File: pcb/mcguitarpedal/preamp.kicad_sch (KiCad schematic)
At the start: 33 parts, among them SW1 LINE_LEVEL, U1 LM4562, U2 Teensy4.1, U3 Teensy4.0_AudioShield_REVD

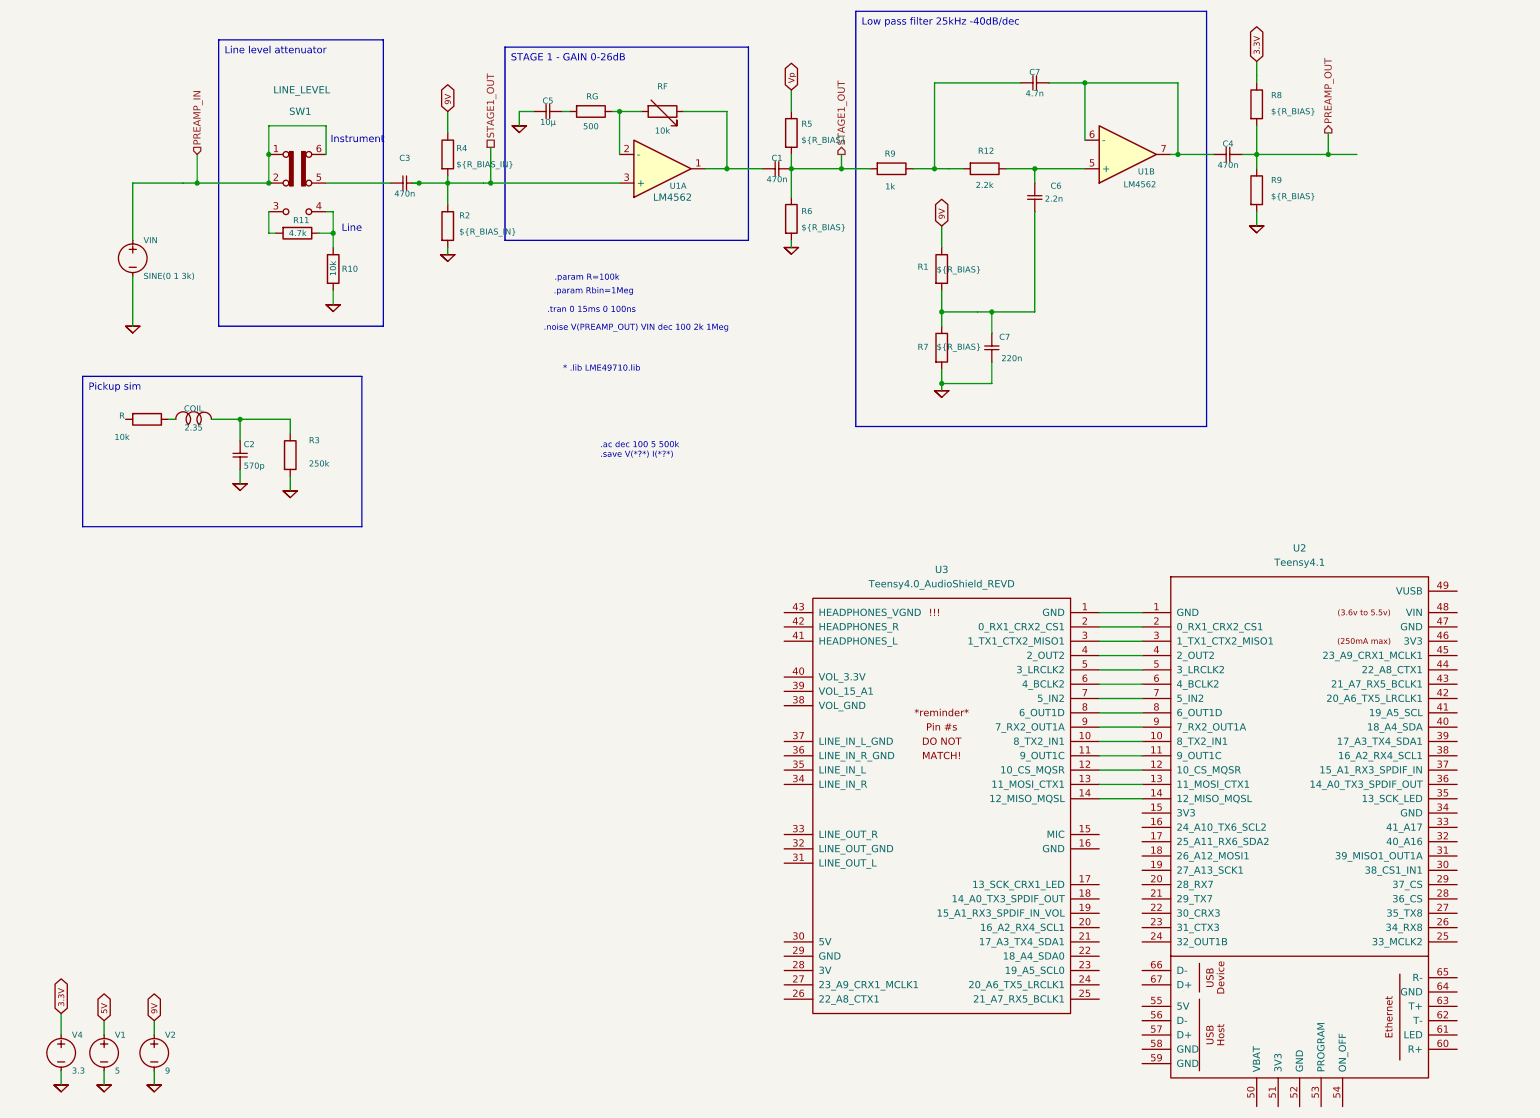
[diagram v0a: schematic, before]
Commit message: Teensy symbol libraries
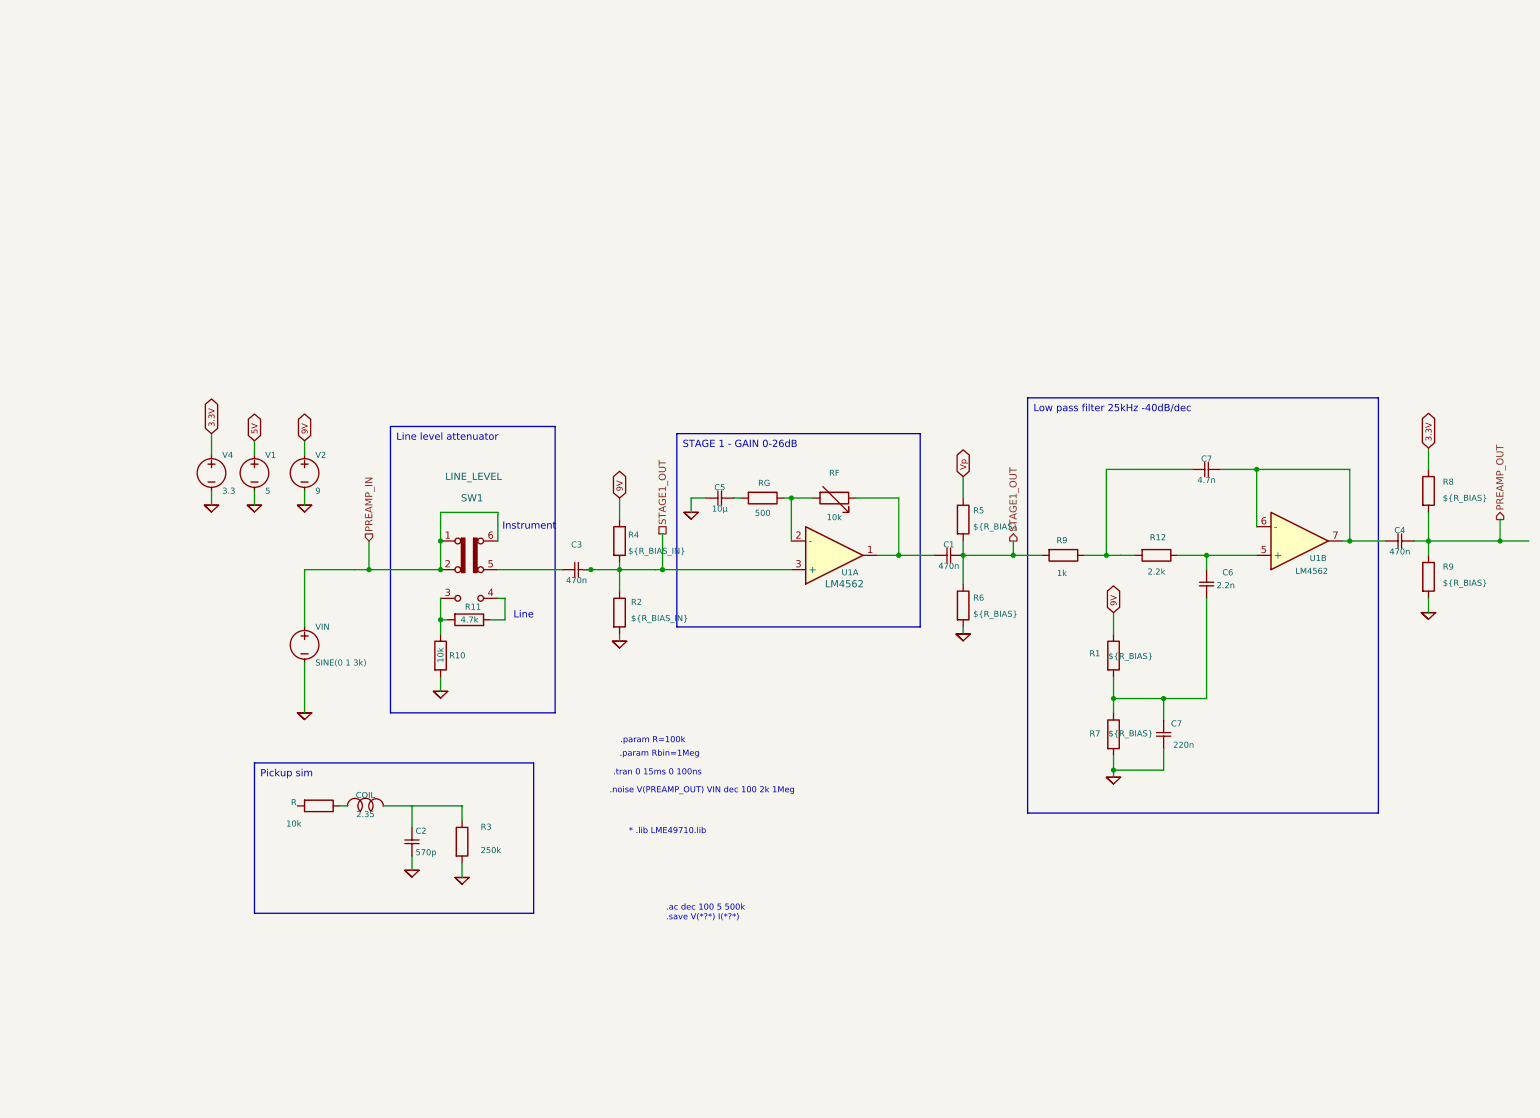
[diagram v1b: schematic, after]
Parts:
- removed U2: Teensy4.1, symbol Teensy:Teensy4.1
- removed U3: Teensy4.0_AudioShield_REVD, symbol Audio board:Teensy4.0_AudioShield_REVD
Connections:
- net at R11.1, SW1.4 (A): no longer R10.1
- net at R11.2, SW1.3 (C): now also R10.1
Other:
- moved on the sheet: C1, C2, C3, C4, C5, C6, C7, COIL, R, R1, R10, R11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

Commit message: Schematic symbols
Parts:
- removed C2: 570p, symbol ltspice:cap
- removed COIL: 2.35, symbol ltspice:ind
- removed R: 10k, symbol Device:R
- removed R3: 250k, symbol Device:R
- removed V1: 5, symbol ltspice:voltage
- removed V2: 9, symbol ltspice:voltage
- removed V4: 3.3, symbol ltspice:voltage
- added V?: 5, symbol ltspice:voltage
- added V?: 3.3, symbol ltspice:voltage
- added V?: 9, symbol ltspice:voltage
- renumbered C6 to C5, C7 to C6, C7 to C?, C3 to C?, C5 to C?, C1 to C?, C4 to C?, R12 to R10, R9 to R7, R2 to R?, R10 to R?, R8 to R?, R1 to R?, R5 to R?, R6 to R?, R9 to R?, R4 to R?, R11 to R?, R7 to R?, RF to RF?, RG to RG?, SW1 to SW?, U1 to U3, U1 to U?, VIN to VIN?
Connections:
- net 0: now also V?.2 (-), V?.2 (-), V?.2 (-)
- net 3.3V: now also V?.1 (+)
- net 5V: now also V?.1 (+)
- net 9V: now also V?.1 (+)
- net STAGE1_OUT: no longer C?.1, R?.1, R?.2, U?.3 (+)
- new net STAGE1_IN: C?.1, R?.1, R?.2, U?.3 (+)

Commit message: ILI9488 schematic
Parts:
- removed V?: 5, symbol ltspice:voltage
- removed V?: 3.3, symbol ltspice:voltage
- removed V?: 9, symbol ltspice:voltage
- removed VIN?: SINE(0 1 3k), symbol ltspice:voltage
- added unit 3 of U3
- C5: footprint (none) -> Capacitor_THT:C_Rect_L7.5mm_W6.5mm_P5.00mm
- C6: footprint (none) -> Capacitor_THT:C_Rect_L7.2mm_W7.2mm_P5.00mm_FKS2_FKP2_MKS2_MKP2
- C?: footprint (none) -> Capacitor_THT:C_Rect_L7.2mm_W2.5mm_P5.00mm_FKS2_FKP2_MKS2_MKP2
- C? (x3): footprint (none) -> Capacitor_THT:C_Rect_L18.0mm_W11.0mm_P15.00mm_FKS3_FKP3
- C?: footprint (none) -> Capacitor_THT:CP_Radial_D6.3mm_P2.50mm
- R10, R7, R? (x10), RF?, RG?: footprint (none) -> Resistor_THT:R_Axial_DIN0207_L6.3mm_D2.5mm_P7.62mm_Horizontal
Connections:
- net 9V: now also U3.8 (V+)
- new net GND: U3.4 (V-)

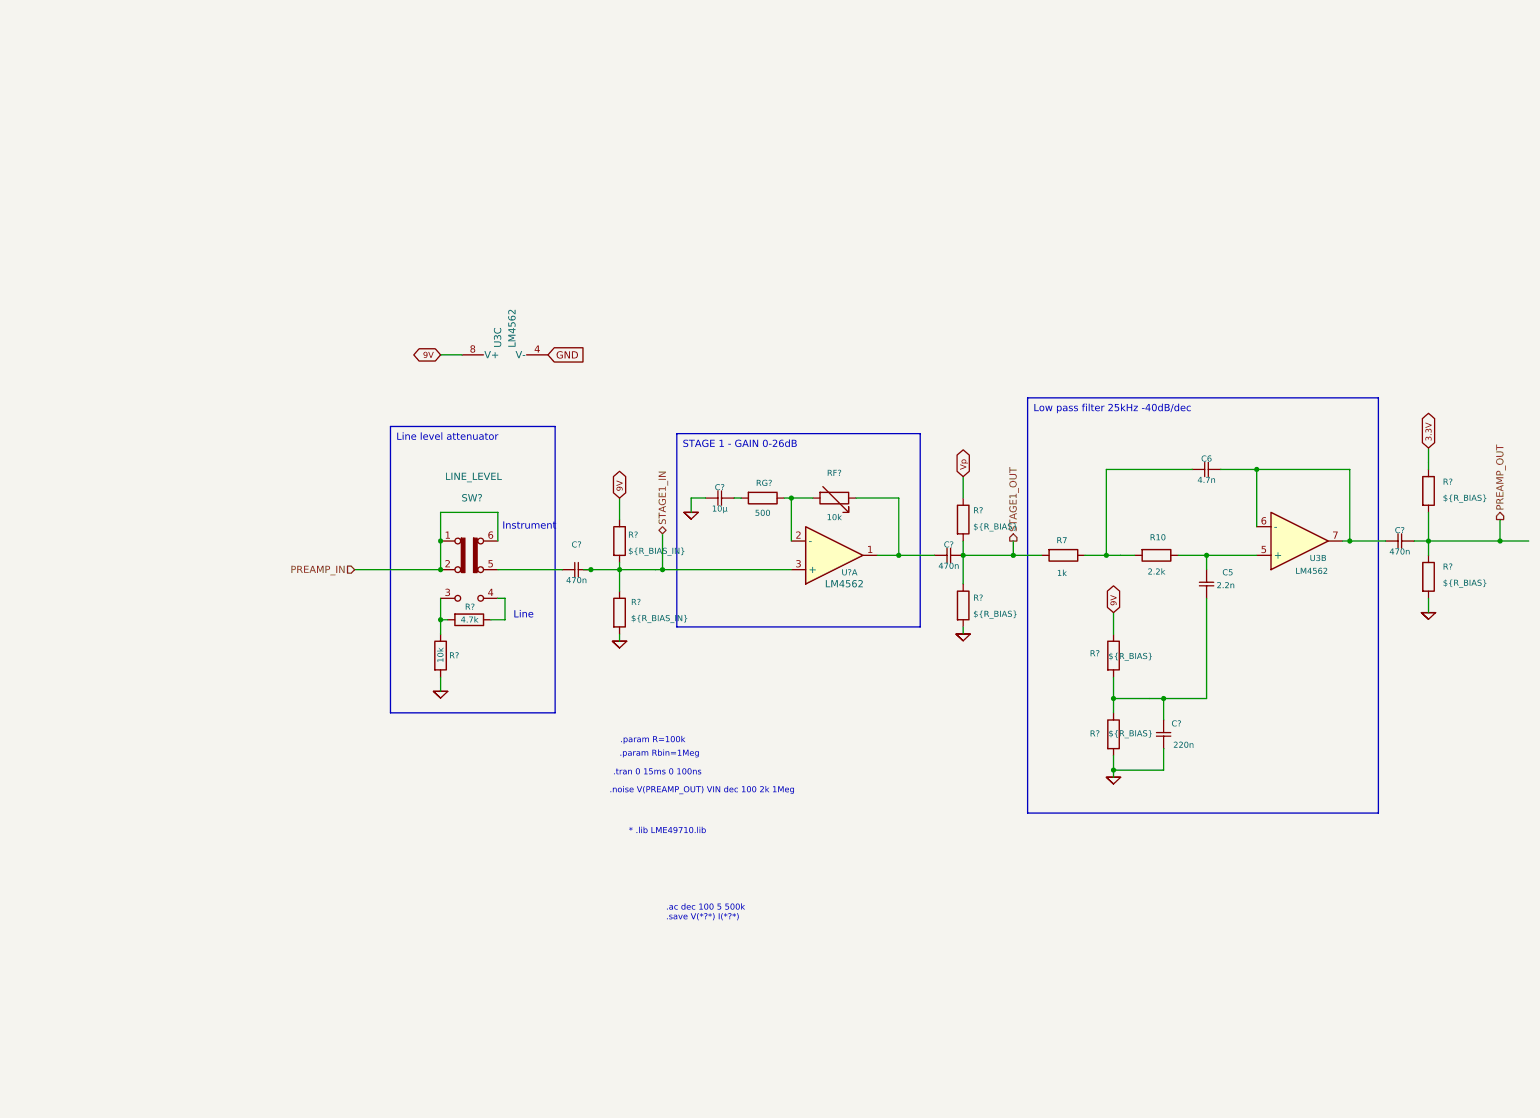
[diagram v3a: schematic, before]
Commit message: PCB physical layout
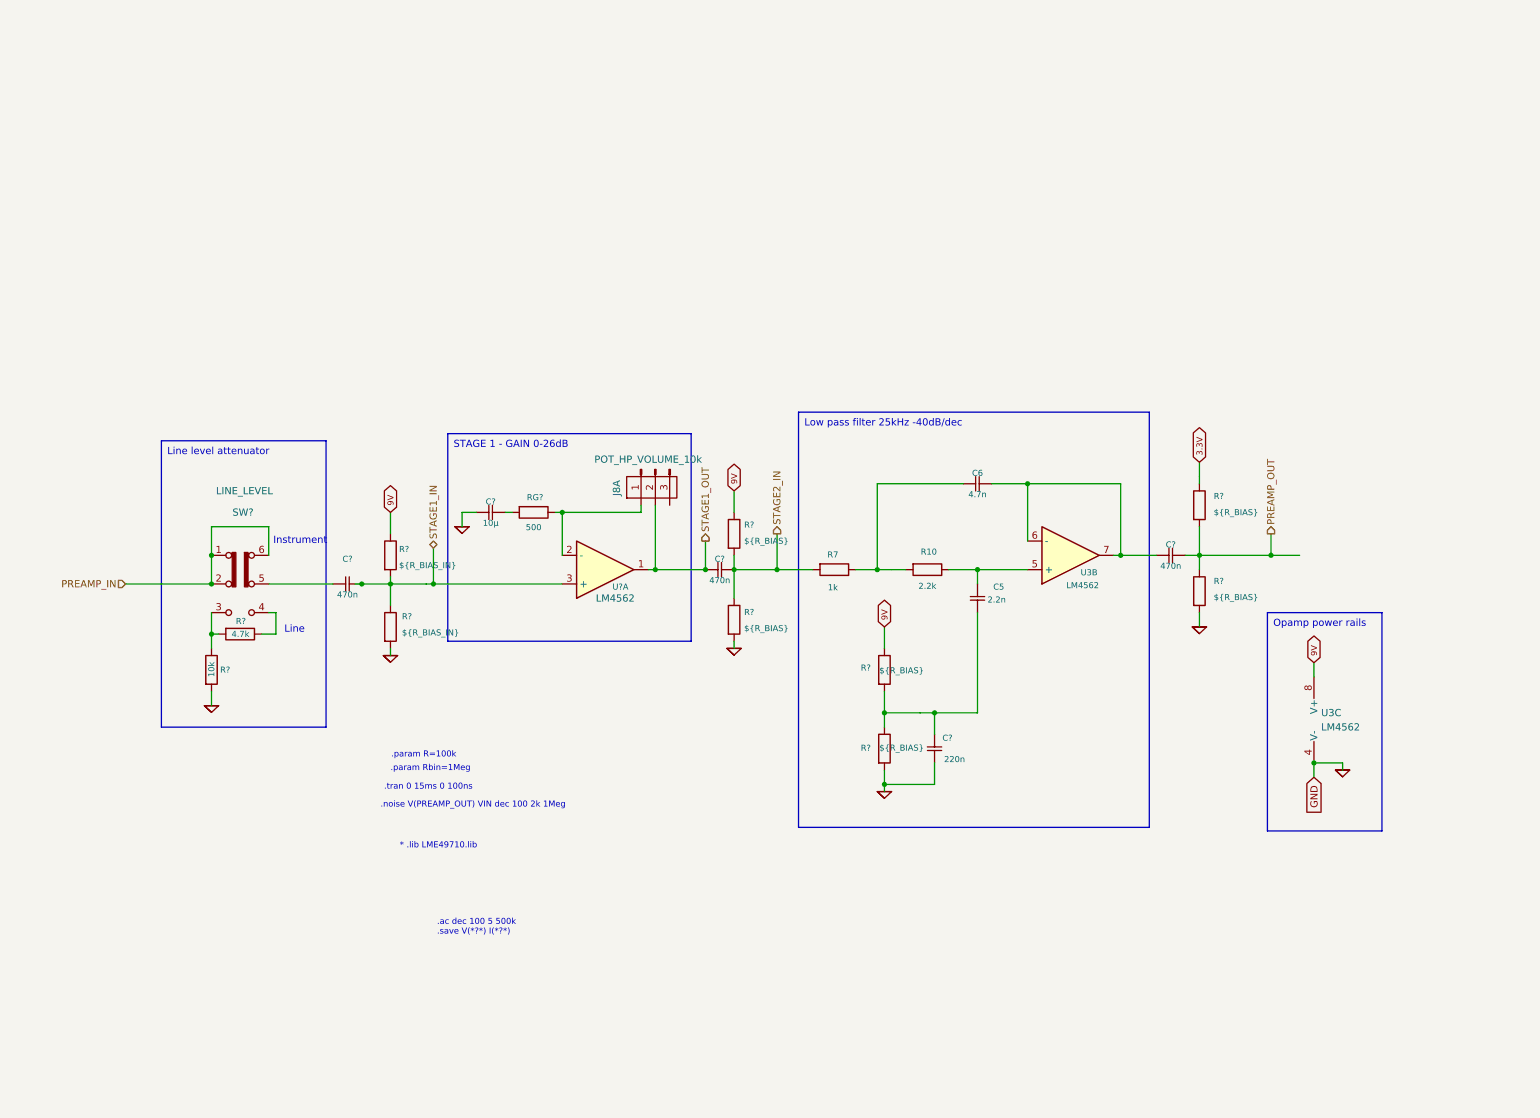
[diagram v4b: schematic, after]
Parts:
- removed RF?: 10k, Resistor_THT:R_Axial_DIN0207_L6.3mm_D2.5mm_P7.62mm_Horizontal, symbol Device:R_Variable
- added J8: POT_HP_VOLUME_10k, Connector_PinHeader_2.54mm:PinHeader_1x09_P2.54mm_Vertical, symbol mcguitarpedal:3x2_Headers
- C? (x3): footprint Capacitor_THT:C_Rect_L18.0mm_W11.0mm_P15.00mm_FKS3_FKP3 -> Capacitor_THT:C_Rect_L18.0mm_W5.0mm_P15.00mm_FKS3_FKP3
- SW?: footprint (none) -> Button_Switch_THT:SW_CK_JS202011AQN_DPDT_Angled
- U3: footprint (none) -> LM4562:lm4562
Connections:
- net GND is gone; now on net 0: U3.4 (V-)
- net Vp is gone; now on net 9V: R?.1
- net STAGE1_OUT: now also C?.2, U?.1, J8.2 (Pin_2); no longer C?.1, R7.2, R?.1, R?.2
- net at RG?.1, U?.2 (-): now also J8.1 (Pin_1)
- new net STAGE2_IN: C?.1, R7.2, R?.1, R?.2
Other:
- moved on the sheet: C5, C6, C?, R10, R7, R?, RG?, SW?, U3B, U3C, U?A
* * *
▶ _Task objective_
Copy each line of the data above that holds "ltspice".

▶ _Output for this exercise_
- removed C2: 570p, symbol ltspice:cap
- removed COIL: 2.35, symbol ltspice:ind
- removed V1: 5, symbol ltspice:voltage
- removed V2: 9, symbol ltspice:voltage
- removed V4: 3.3, symbol ltspice:voltage
- added V?: 5, symbol ltspice:voltage
- added V?: 3.3, symbol ltspice:voltage
- added V?: 9, symbol ltspice:voltage
- removed V?: 5, symbol ltspice:voltage
- removed V?: 3.3, symbol ltspice:voltage
- removed V?: 9, symbol ltspice:voltage
- removed VIN?: SINE(0 1 3k), symbol ltspice:voltage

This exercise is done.